That didn't work either. Then, several minutes later, I noticed the "Back"
link. This was definitely not intuitive.

Also, once I click "Next" when browsing for projects, I see absolutely no way
to go back!

------
13ren
This strikes me as a market research tool - trying to find out what people
want, the needs, the problem to be solved, the pain to address. It's tricky
for users to make the connection between problem and solution (hell, it's
tricky for _anyone_ \- so why not users?)

Here's my suggestion: target developing knock-offs (copies of existing
products). There's a long and glorious tradition of this in open source
(linux, gimp, open office, samba, mySQL, etc). It works because users already
know they need it, and how to use it, it's already integrated into their
behaviour and their other processes and other software - and programmers have
a clear specification to work from. This narrowing the kind of project you
seek to fund (i.e. a _niche_ ) will help you in many ways, as any business
book will recommend (even though narrowing your options seems like a limiting
thing...)

But please don't use this to undermine good-guy programmers, who took the risk
of working to understand a problem, design a solution and get it accepted -
use your bounty powers for good, not evil. That is, use it to break monopolies
that are hurting customers in small industries. If they have any sense, the
monopolist will back down, and some good will be done (whether the open source
product is actually used or not). Sounds like good, heroic fun!

------
natch
So instead of a model built on trust, this is a model based on distrust.

It doesn't feel right to me, for various reasons, starting with the above.

Also it vaguely says that code must be "open source" but this is not a well-
defined term. The GPL (just one example of many possible licenses for open
source software) requires that GPL-licensed projects have the source code
available in the preferred format, an important distinction that is not
necessarily present in all open source licenses. A developer could provide an
assembler dump of their code, and claim that was open source, and walk away
with the payment.

Worse, of course, they could just do a slideware demo, or they could do a demo
using Microsoft Word, but claiming that it was software they had written.

Also you claim to be more centered on normal users, but normal users don't
know or care about open source. To them, they just want the program. Yes, open
source gives them benefits too, but they don't know that, nor do they really
want to know.

As a developer, I would feel hesitant about committing much time to a project
- it would be huge gamble. On a normal open source project, I could get things
started, get the code base maybe 80% done, and then when that last 20% needs
to be done (which in reality is actually 80% of the work ;-)) others typically
would be pitching in, to the point where I could even walk away and
development would continue without me, ensuring my initial work was not
wasted, and ensuring the project got done.
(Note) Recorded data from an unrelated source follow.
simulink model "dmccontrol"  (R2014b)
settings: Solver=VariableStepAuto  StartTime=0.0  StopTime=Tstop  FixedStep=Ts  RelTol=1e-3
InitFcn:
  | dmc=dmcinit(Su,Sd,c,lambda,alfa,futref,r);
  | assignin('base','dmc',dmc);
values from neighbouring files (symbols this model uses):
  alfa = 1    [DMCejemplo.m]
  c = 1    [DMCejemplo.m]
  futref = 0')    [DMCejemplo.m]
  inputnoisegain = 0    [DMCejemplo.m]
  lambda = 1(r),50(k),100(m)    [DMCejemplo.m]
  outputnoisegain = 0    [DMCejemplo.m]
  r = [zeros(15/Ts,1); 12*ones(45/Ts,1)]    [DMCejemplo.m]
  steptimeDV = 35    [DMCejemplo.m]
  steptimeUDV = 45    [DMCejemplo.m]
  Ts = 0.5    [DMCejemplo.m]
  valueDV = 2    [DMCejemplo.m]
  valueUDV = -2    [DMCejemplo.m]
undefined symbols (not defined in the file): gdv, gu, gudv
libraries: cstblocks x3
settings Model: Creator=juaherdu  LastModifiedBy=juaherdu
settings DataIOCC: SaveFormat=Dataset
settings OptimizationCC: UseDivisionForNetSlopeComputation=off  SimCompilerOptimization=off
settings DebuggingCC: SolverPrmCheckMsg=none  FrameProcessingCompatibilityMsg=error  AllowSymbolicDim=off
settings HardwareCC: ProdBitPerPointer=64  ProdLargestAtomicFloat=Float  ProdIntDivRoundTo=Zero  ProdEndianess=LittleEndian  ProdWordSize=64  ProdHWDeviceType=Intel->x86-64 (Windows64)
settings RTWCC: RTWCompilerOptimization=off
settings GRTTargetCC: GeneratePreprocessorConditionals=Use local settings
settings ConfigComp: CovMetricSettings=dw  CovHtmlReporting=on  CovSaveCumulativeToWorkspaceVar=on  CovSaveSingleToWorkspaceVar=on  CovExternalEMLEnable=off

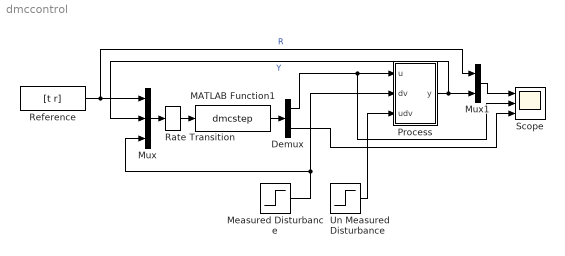
== system dmccontrol ==
  Demux : Demux  Outputs=2
  MATLAB Function1 : MATLABFcn  MATLABFcn=dmcstep  OutputDimensions=2  SampleTime=Ts
  Measured Disturbance : Step  Time=steptimeDV  After=valueDV  SampleTime=Ts
  Mux : Mux  Inputs=3
  Mux1 : Mux  Inputs=2
  Process : Subsystem  mask{gu=gu, gdv=gdv, gudv=gudv, inputnoisegain=inputnoisegain, outputnoisegain=outputnoisegain}
      mask prompts: gu "fdt y/u"; gdv "fdt y/dv"; gudv "fdt y/udv"; inputnoisegain "inputnoise"; outputnoisegain "outputnoise"
      mask DialogControl DescTextVar Prompt: Parametros del Modelo del proceso
  Rate Transition : RateTransition  OutPortSampleTime=Ts
  Reference : FromWorkspace  VariableName=[t r]  SampleTime=Ts
  Scope : Scope  NumInputPorts=3
      settings: ShowLegends=on  YMin=-1.65042~-1.65125~-0.54786  YMax=14.8538~14.86128~1.41344  SaveName=Simul  MaxDataPoints=50000
  Un Measured Disturbance : Step  Time=steptimeUDV  After=valueUDV  SampleTime=Ts
  wires:
  Measured Disturbance/1 -> Process/2(dv), Mux/3
  Un Measured Disturbance/1 -> Process/3(udv)
  Reference/1 -> Mux/1, Mux1/1  "R"
  Mux/1 -> Rate Transition/1
  Demux/1 -> Scope/2, Process/1(u)
  Process/1(y) -> Mux/2, Mux1/2  "Y"
  Mux1/1 -> Scope/1
  Demux/2 -> Scope/3
  Rate Transition/1 -> MATLAB Function1/1
  MATLAB Function1/1 -> Demux/1

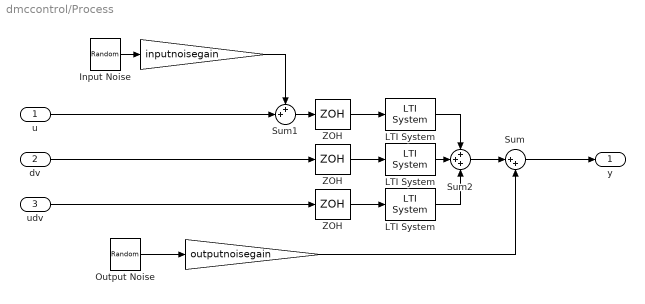
== system dmccontrol/Process ==
  u : Inport
  dv : Inport  Port=2
  udv : Inport  Port=3
  " " : Gain  Gain=inputnoisegain
  "  " : Gain  Gain=outputnoisegain
  " ZOH" : ZeroOrderHold  SampleTime=Ts
  Input Noise : UniformRandomNumber  SampleTime=Ts
  LTI System : cstblocks/LTI System  sys=gu  IC=[]
  "LTI System " : cstblocks/LTI System  sys=gdv  IC=[]
  "LTI System  " : cstblocks/LTI System  sys=gudv  IC=[]
  Output Noise : UniformRandomNumber  SampleTime=Ts
  Sum : Sum  Inputs=|++
  Sum1 : Sum  Inputs=++|
  Sum2 : Sum  Inputs=+++
  ZOH : ZeroOrderHold  SampleTime=Ts
  "ZOH " : ZeroOrderHold  SampleTime=Ts
  y : Outport
  wires:
  Sum/1 -> y/1
  dv/1 -> "ZOH "/1
  "  "/1 -> Sum/2
  udv/1 -> ZOH/1
  u/1 -> Sum1/2
  Sum2/1 -> Sum/1
  Output Noise/1 -> "  "/1
  Input Noise/1 -> " "/1
  Sum1/1 -> " ZOH"/1
  "LTI System  "/1 -> Sum2/3
  LTI System/1 -> Sum2/1
  "LTI System "/1 -> Sum2/2
  " "/1 -> Sum1/1
  " ZOH"/1 -> LTI System/1
  "ZOH "/1 -> "LTI System "/1
  ZOH/1 -> "LTI System  "/1

But with your site, the developer
risks that the "normal users" will see any rough edges and deliver a total
rejection - binary thumbs down - and I won't get paid. So it forces me to do
way more work, and even then, the users can still say no based on some
arbitrary whim - "I like the OK button on the left, not the right, this
sucks!" - that's just an example; please don't bother trying to debunk it
unless you can address the more general point.

All that being said, I could be wrong! It's happened before! I'll be curious
to see how it turns out.

------
inimino
Nice idea. (Aside: I'm running some experiments on similar themes, the first
one is at: <http://inimino.org/pffs/experiment> )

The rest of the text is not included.